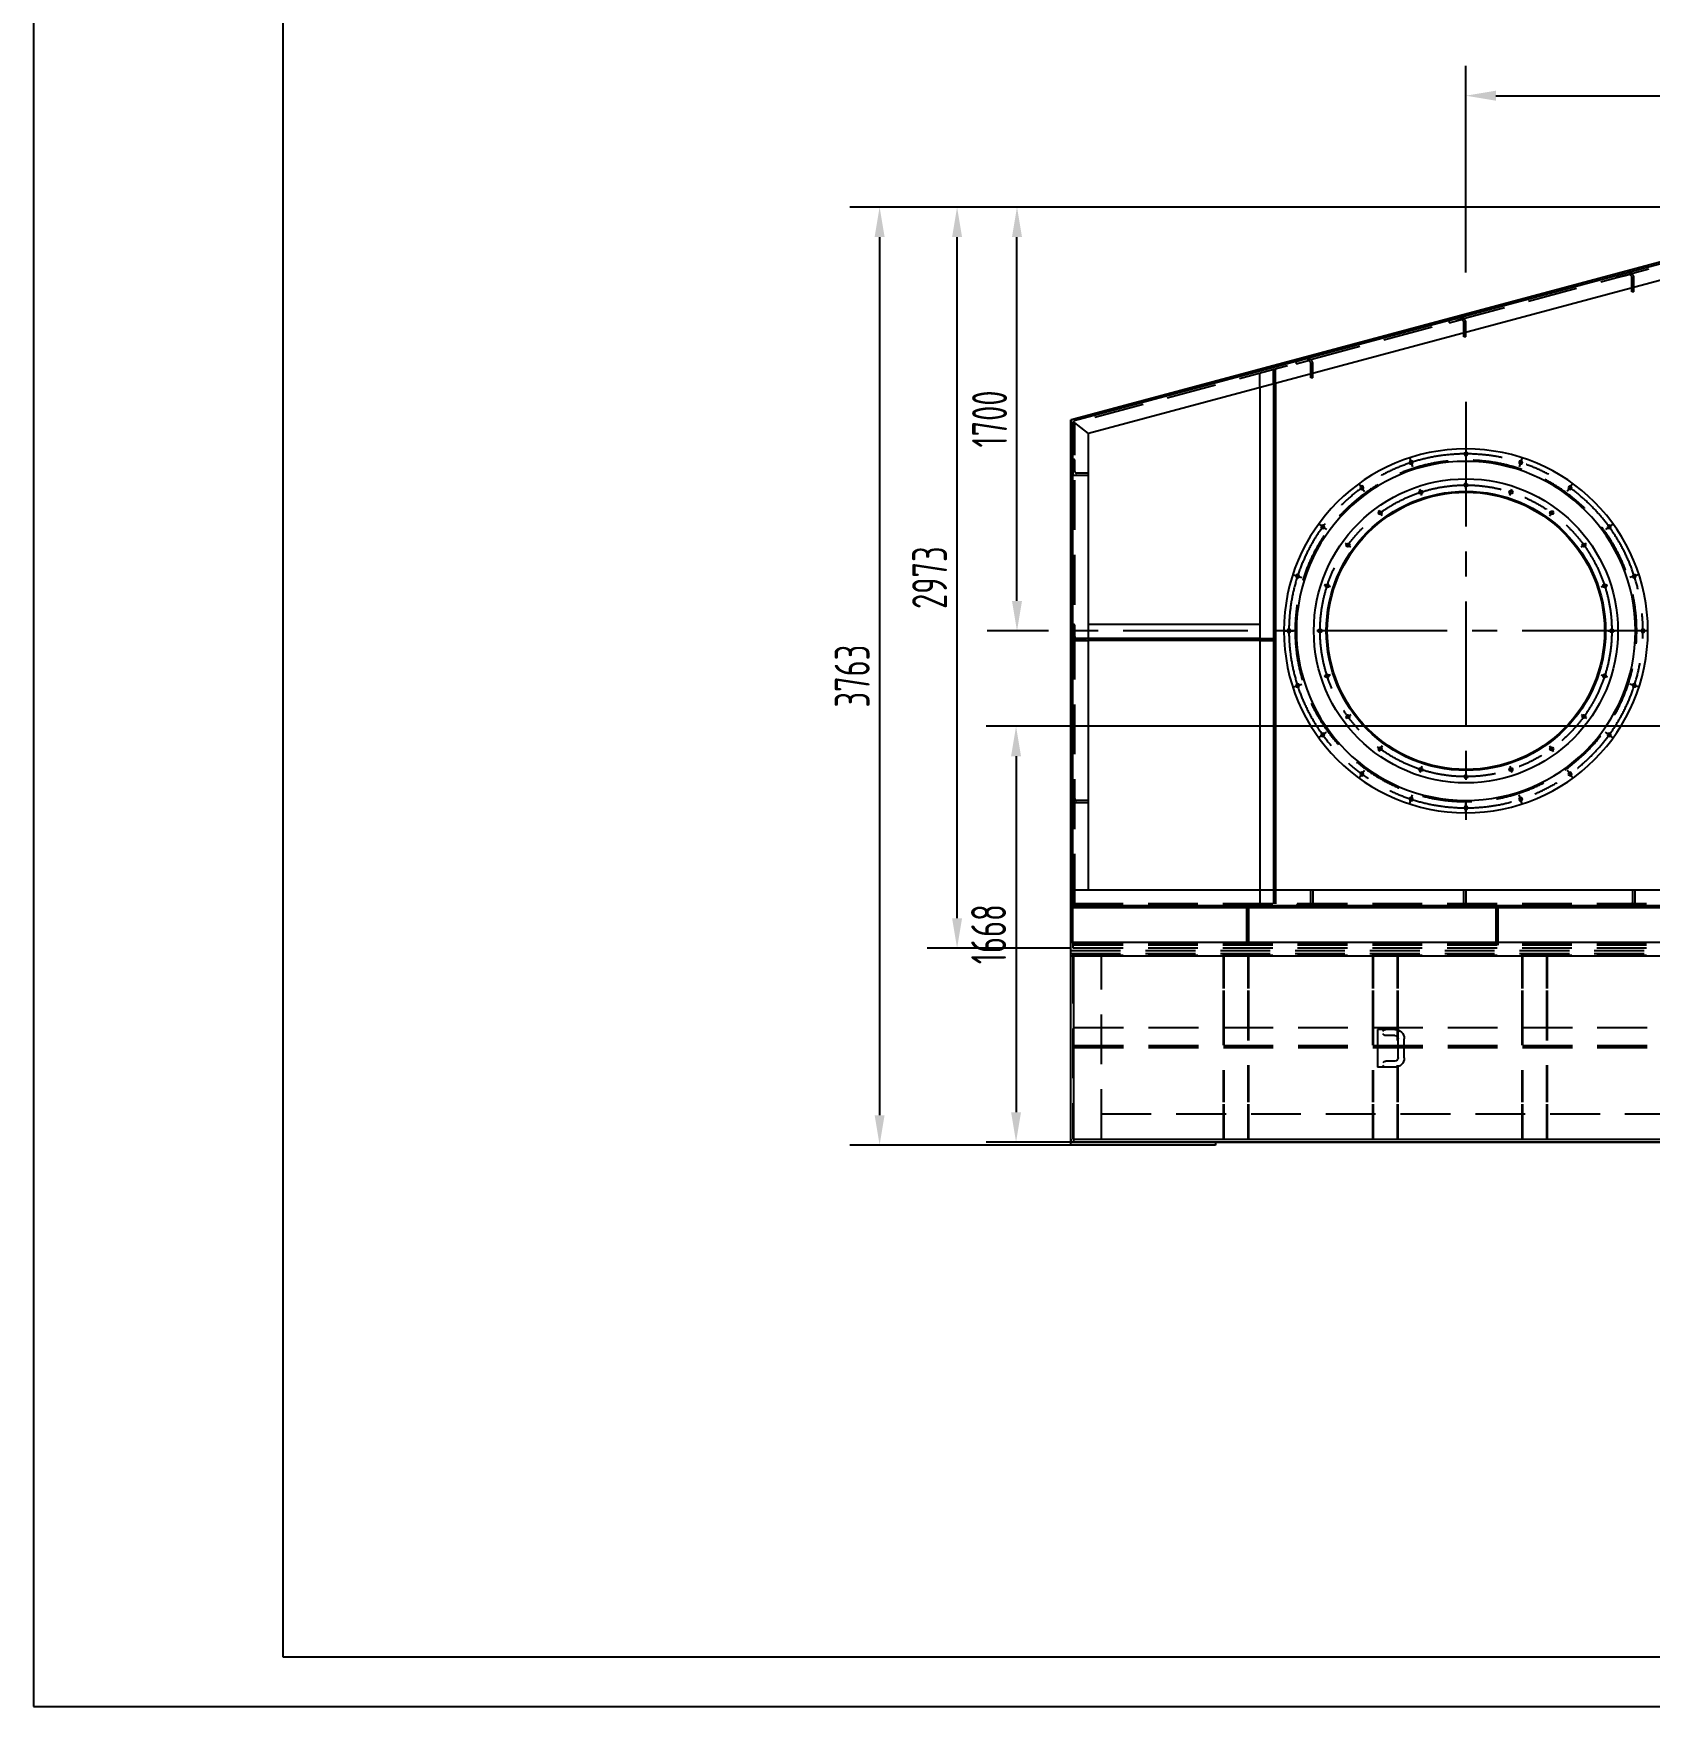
# Model space of a CAD drawing. Header units: millimetres. Extents: x 0 to 16800, y 0 to 11880.
# Drawn here: x 0 to 6482, y 0 to 6712 of the extents above; entities that cross this region are included whole.
import ezdxf

# ---------------------------------------------------------------- set-up
doc = ezdxf.new("R2010")
doc.units = ezdxf.units.MM
doc.header["$LTSCALE"] = 400
doc.header["$MEASUREMENT"] = 0
doc.linetypes.add('F', pattern=[0.75, 0.5, -0.25])
doc.linetypes.add('G', pattern=[2, 1.25, -0.25, 0.25, -0.25])
for name, color, linetype in [('01', 7, 'Continuous'), ('02', 1, 'Continuous'), ('04', 2, 'F'), ('05', 4, 'G'), ('08', 1, 'Continuous')]:
    doc.layers.add(name, color=color, linetype=linetype)
doc.styles.get("Standard").update_dxf_attribs({"font": 'isocp', "width": 0.707, "bigfont": 'intecad.shx'})
doc.dimstyles.new('INTE', dxfattribs={"dimscale": 40, "dimtxt": 3.5, "dimasz": 3, "dimexe": 3, "dimexo": 0, "dimgap": 1, "dimtad": 1, "dimdsep": 46, "dimtxsty": 'Standard', "dimcen": 0, "dimclrd": 1, "dimclre": 1, "dimclrt": 3, "dimaunit": 1, "dimadec": 1, "dimazin": 0, "dimtfac": 1, "dimtmove": 0, "dimatfit": 0, "dimfxl": 0, "dimarcsym": 0})

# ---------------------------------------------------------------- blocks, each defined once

_What to work on_: Up to and including the line that holds "doc.linetypes.add('F', pattern=[0.75, 0.5, -0.25])", restate word for word each line of the records from their start, and only those lines, leaving out the pictures.

_Written solution_:
# Model space of a CAD drawing. Header units: millimetres. Extents: x 0 to 16800, y 0 to 11880.
# Drawn here: x 0 to 6482, y 0 to 6712 of the extents above; entities that cross this region are included whole.
import ezdxf

# ---------------------------------------------------------------- set-up
doc = ezdxf.new("R2010")
doc.units = ezdxf.units.MM
doc.header["$LTSCALE"] = 400
doc.header["$MEASUREMENT"] = 0
doc.linetypes.add('F', pattern=[0.75, 0.5, -0.25])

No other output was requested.